A Bioperl-based algorithm was developed to automatically scan multiple sequence alignments of HIV, while evaluating the possibility of identifying dominant and subdominant viral variants that could be used as efficient silencing molecules. Student t-test and Bonferroni Dunn correction test were used to assess statistical significance of our findings.

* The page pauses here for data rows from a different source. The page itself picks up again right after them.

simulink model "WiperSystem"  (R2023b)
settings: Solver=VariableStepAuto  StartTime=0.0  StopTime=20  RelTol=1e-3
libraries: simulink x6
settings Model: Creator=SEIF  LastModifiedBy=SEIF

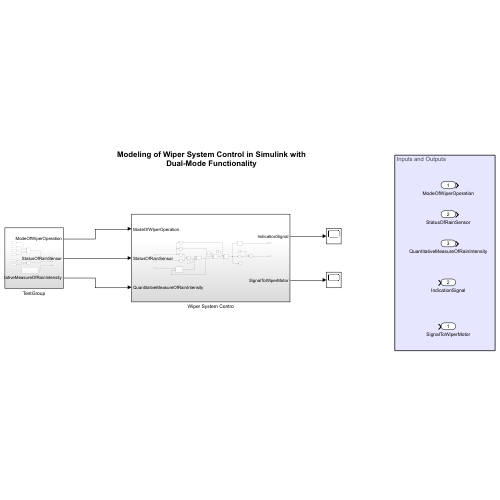
[thumbnail: Simulink's stored preview of the top-level diagram]
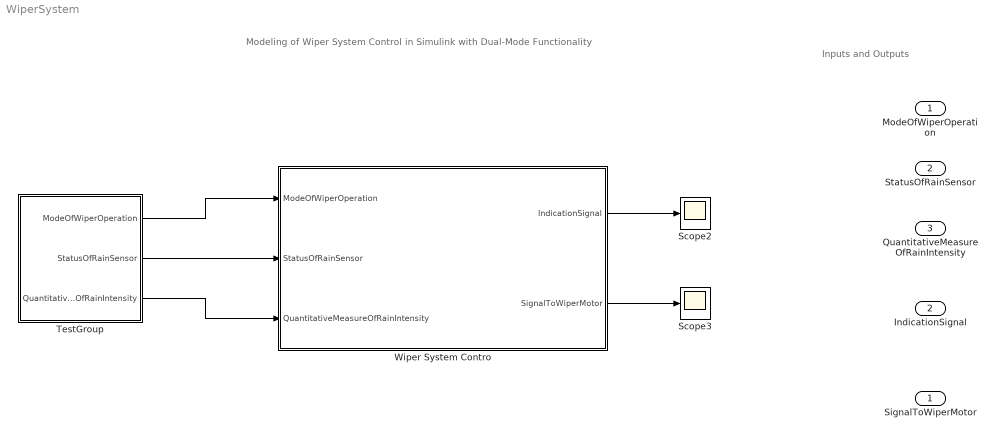
== system WiperSystem ==
  note: Inputs and Outputs
  note: Modeling of Wiper System Control in Simulink with Dual-Mode Functionality
  ModeOfWiperOperation : Inport
  StatusOfRainSensor : Inport  Port=2
  "QuantitativeMeasureOfRainIntensity " : Inport  Port=3
  Scope2 : Scope
  Scope3 : Scope
  TestGroup : Subsystem
  Wiper System Contro : Subsystem
  SignalToWiperMotor : Outport
  IndicationSignal : Outport  Port=2
  wires:
  TestGroup/3(QuantitativeMeasureOfRainIntensity) -> Wiper System Contro/3("QuantitativeMeasureOfRainIntensity ")
  TestGroup/2(StatusOfRainSensor) -> Wiper System Contro/2(StatusOfRainSensor)
  TestGroup/1(ModeOfWiperOperation) -> Wiper System Contro/1(ModeOfWiperOperation)
  Wiper System Contro/1(IndicationSignal) -> Scope2/1
  Wiper System Contro/2(SignalToWiperMotor) -> Scope3/1

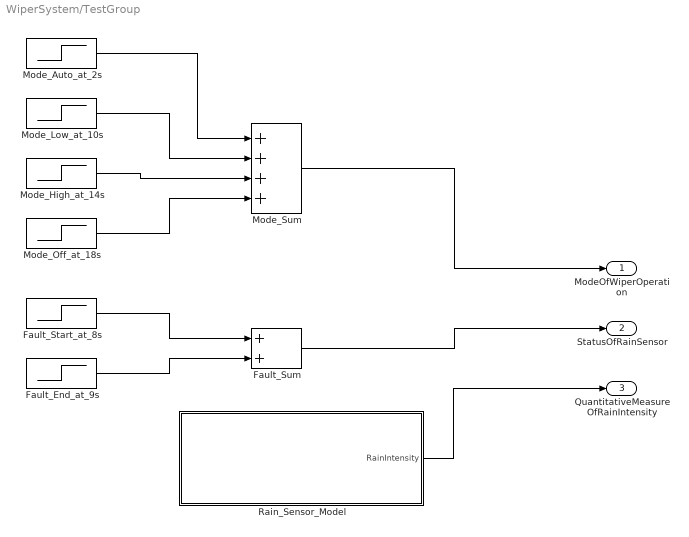
== system WiperSystem/TestGroup ==
  Fault_End_at_9s : Step  Time=9  After=-1  SampleTime=0.001
  Fault_Start_at_8s : Step  Time=8  SampleTime=0.001
  Fault_Sum : Sum
  Mode_Auto_at_2s : Step  Time=2  SampleTime=0.001
  Mode_High_at_14s : Step  Time=14  SampleTime=0.001
  Mode_Low_at_10s : Step  Time=10  SampleTime=0.001
  Mode_Off_at_18s : Step  Time=18  After=-3  SampleTime=0.001
  Mode_Sum : Sum  Inputs=++++
  Rain_Sensor_Model : Subsystem
  ModeOfWiperOperation : Outport
  StatusOfRainSensor : Outport  Port=2
  QuantitativeMeasureOfRainIntensity : Outport  Port=3
  wires:
  Mode_Auto_at_2s/1 -> Mode_Sum/1
  Mode_High_at_14s/1 -> Mode_Sum/3
  Fault_Sum/1 -> StatusOfRainSensor/1
  Mode_Off_at_18s/1 -> Mode_Sum/4
  Fault_Start_at_8s/1 -> Fault_Sum/1
  Mode_Sum/1 -> ModeOfWiperOperation/1
  Fault_End_at_9s/1 -> Fault_Sum/2
  Mode_Low_at_10s/1 -> Mode_Sum/2
  Rain_Sensor_Model/1(RainIntensity) -> QuantitativeMeasureOfRainIntensity/1

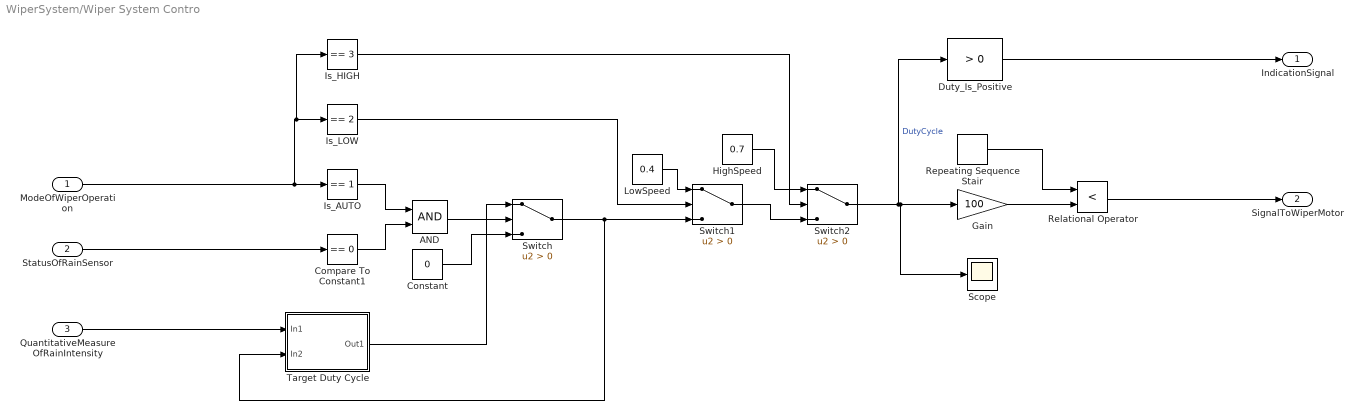
== system WiperSystem/Wiper System Contro ==
  ModeOfWiperOperation : Inport
  StatusOfRainSensor : Inport  Port=2
  "QuantitativeMeasureOfRainIntensity " : Inport  Port=3
  AND : Logic  AllPortsSameDT=off  OutDataTypeStr=boolean
  Compare To Constant1 : simulink/Logic and Bit Operations/Compare To Constant  relop===  const=0  OutDataTypeStr=boolean
  Constant : Constant  Value=0
  Duty_Is_Positive : simulink/Logic and Bit Operations/Compare To Constant  relop=>  const=0  OutDataTypeStr=boolean
  Gain : Gain  Gain=100
  HighSpeed : Constant  Value=0.7
  Is_AUTO : simulink/Logic and Bit Operations/Compare To Constant  relop===  const=1  OutDataTypeStr=boolean
  Is_HIGH : simulink/Logic and Bit Operations/Compare To Constant  relop===  const=3  OutDataTypeStr=boolean
  Is_LOW : simulink/Logic and Bit Operations/Compare To Constant  relop===  const=2  OutDataTypeStr=boolean
  LowSpeed : Constant  Value=0.4
  Relational Operator : RelationalOperator  Operator=<  OutDataTypeStr=boolean  RndMeth=Simplest  InputSameDT=off
  Repeating Sequence Stair : simulink/Sources/Repeating Sequence Stair  OutValues=0:99  tsamp=0.001  OutMin=[]  OutMax=[]  OutDataTypeStr=double  OutputDataTypeScalingMode=double  OutDataType=fixdt(0,8)  ConRadixGroup=Best Precision: Vector-wise  OutScaling=2^-12
  Scope : Scope
  Switch : Switch  Criteria=u2 > Threshold  SaturateOnIntegerOverflow=off  InputSameDT=off
  Switch1 : Switch  Criteria=u2 > Threshold  SaturateOnIntegerOverflow=off  InputSameDT=off
  Switch2 : Switch  Criteria=u2 > Threshold  SaturateOnIntegerOverflow=off  InputSameDT=off
  Target Duty Cycle : Subsystem
  IndicationSignal : Outport
  SignalToWiperMotor : Outport  Port=2
  wires:
  Repeating Sequence Stair/1 -> Relational Operator/1
  Switch2/1 -> Scope/1, Gain/1, Duty_Is_Positive/1  "DutyCycle"
  ModeOfWiperOperation/1 -> Is_HIGH/1, Is_LOW/1, Is_AUTO/1
  Is_AUTO/1 -> AND/1
  Switch1/1 -> Switch2/3
  Target Duty Cycle/1(Out1) -> Switch/1
  Constant/1 -> Switch/3
  Compare To Constant1/1 -> AND/2
  "QuantitativeMeasureOfRainIntensity "/1 -> Target Duty Cycle/1(In1)
  Gain/1 -> Relational Operator/2
  Switch/1 -> Target Duty Cycle/2(In2), Switch1/3
  AND/1 -> Switch/2
  LowSpeed/1 -> Switch1/1
  Is_LOW/1 -> Switch1/2
  HighSpeed/1 -> Switch2/1
  Is_HIGH/1 -> Switch2/2
  StatusOfRainSensor/1 -> Compare To Constant1/1
  Relational Operator/1 -> SignalToWiperMotor/1
  Duty_Is_Positive/1 -> IndicationSignal/1

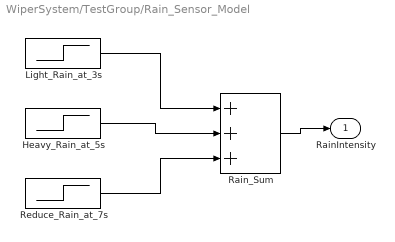
== system WiperSystem/TestGroup/Rain_Sensor_Model ==
  Heavy_Rain_at_5s : Step  Time=5  After=50  SampleTime=0.001
  Light_Rain_at_3s : Step  Time=3  After=20  SampleTime=0.001
  Rain_Sum : Sum  Inputs=+++
  Reduce_Rain_at_7s : Step  Time=7  After=-40  SampleTime=0.001
  RainIntensity : Outport
  wires:
  Light_Rain_at_3s/1 -> Rain_Sum/1
  Heavy_Rain_at_5s/1 -> Rain_Sum/2
  Reduce_Rain_at_7s/1 -> Rain_Sum/3
  Rain_Sum/1 -> RainIntensity/1

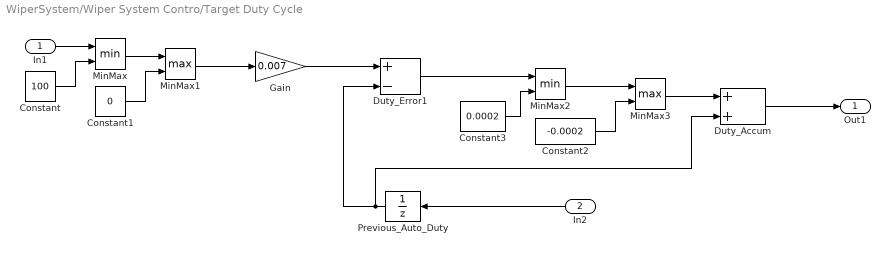
== system WiperSystem/Wiper System Contro/Target Duty Cycle ==
  In1 : Inport
  In2 : Inport  Port=2
  Constant : Constant  Value=100
  Constant1 : Constant  Value=0
  Constant2 : Constant  Value=-0.0002
  Constant3 : Constant  Value=0.0002
  Duty_Accum : Sum
  Duty_Error1 : Sum  Inputs=+-
  Gain : Gain  Gain=0.007
  MinMax : MinMax  Inputs=2
  MinMax1 : MinMax  Function=max  Inputs=2
  MinMax2 : MinMax  Inputs=2
  MinMax3 : MinMax  Function=max  Inputs=2
  Previous_Auto_Duty : UnitDelay  SampleTime=0.001  HasFrameUpgradeWarning=on
  Out1 : Outport
  wires:
  In1/1 -> MinMax/1
  Constant1/1 -> MinMax1/2
  Constant/1 -> MinMax/2
  MinMax/1 -> MinMax1/1
  MinMax1/1 -> Gain/1
  Gain/1 -> Duty_Error1/1
  Previous_Auto_Duty/1 -> Duty_Accum/2, Duty_Error1/2
  Duty_Error1/1 -> MinMax2/1
  Constant2/1 -> MinMax3/2
  Constant3/1 -> MinMax2/2
  MinMax2/1 -> MinMax3/1
  MinMax3/1 -> Duty_Accum/1
  Duty_Accum/1 -> Out1/1
  In2/1 -> Previous_Auto_Duty/1

Our in silico approach identified the most common viral variants within highly conserved genome regions, with a calculated free energy of ≥ -6.6 kcal/mol. This is crucial for strand loading to RISC complex and for a predicted silencing efficiency score, which could be used in combination for achieving over 90% silencing. Resistant and naïve isolate variability revealed that the most frequent shRNA per region targets a maximum of 85% of viral sequences. Adding more divergent sequences maintained this percentage. Specific sequence features that have been found to be related with higher silencing efficiency were hardly accomplished in conserved regions, even when lower entropy values correlated with better scores. We identified a conserved region among most HIV-1 genomes, which meets as many sequence features for efficient silencing.
HIV-1 variability is an obstacle to achieving absolute silencing using shRNAs designed against a consensus sequence, mainly because there are many functional viral variants. Our shRNA cocktail could be truly effective at silencing dominant and subdominant naïve viral variants. Additionally, resistant isolates might be targeted under specific antiretroviral selective pressure, but in both cases these should be tested exhaustively prior to clinical use.
- Resistant Isolate
- Viral Sequence
- Viral Variant
- Silence Efficiency
- Guide Strand
Despite the advent of highly active antiretroviral therapy (HAART), human immunodeficiency virus (HIV-1) is still a matter of concern for public health . The major obstacle to finding a cure lies in the integration of the viral genome, by virtue of which the virus will always have a chance to restart the infection . The overwhelming genetic variability of HIV-1 is mainly due to the error-prone nature of reverse transcriptase (RT) . Other factors are also responsible for generating quasispecies, and usually a combination of factors -genetic (e. g. HLA type), immunological (e. g. CD8+ cytotoxic T lymphocytes selective pressure) and viral (e. g. HIV type, subtype, recombination events) among others- contributes to the exhaustion of the immune system [4, 5]. Moreover, the virus has an innate ability to accumulate mutations that are readily accepted by its flexible proteins . Collectively, these factors help the virus to overcome HAART . Clearly, effective strategies are needed to combat each replication-competent viral variant that may emerge under any circumstances or selective pressure [8, 9]. Although HAART saves thousands of lives, resistant variants emerge, even though multiple key steps in the viral replication cycle are targeted simultaneously . Indeed, some cases have shown persistent viral replication, even under successful HAART [11, 12].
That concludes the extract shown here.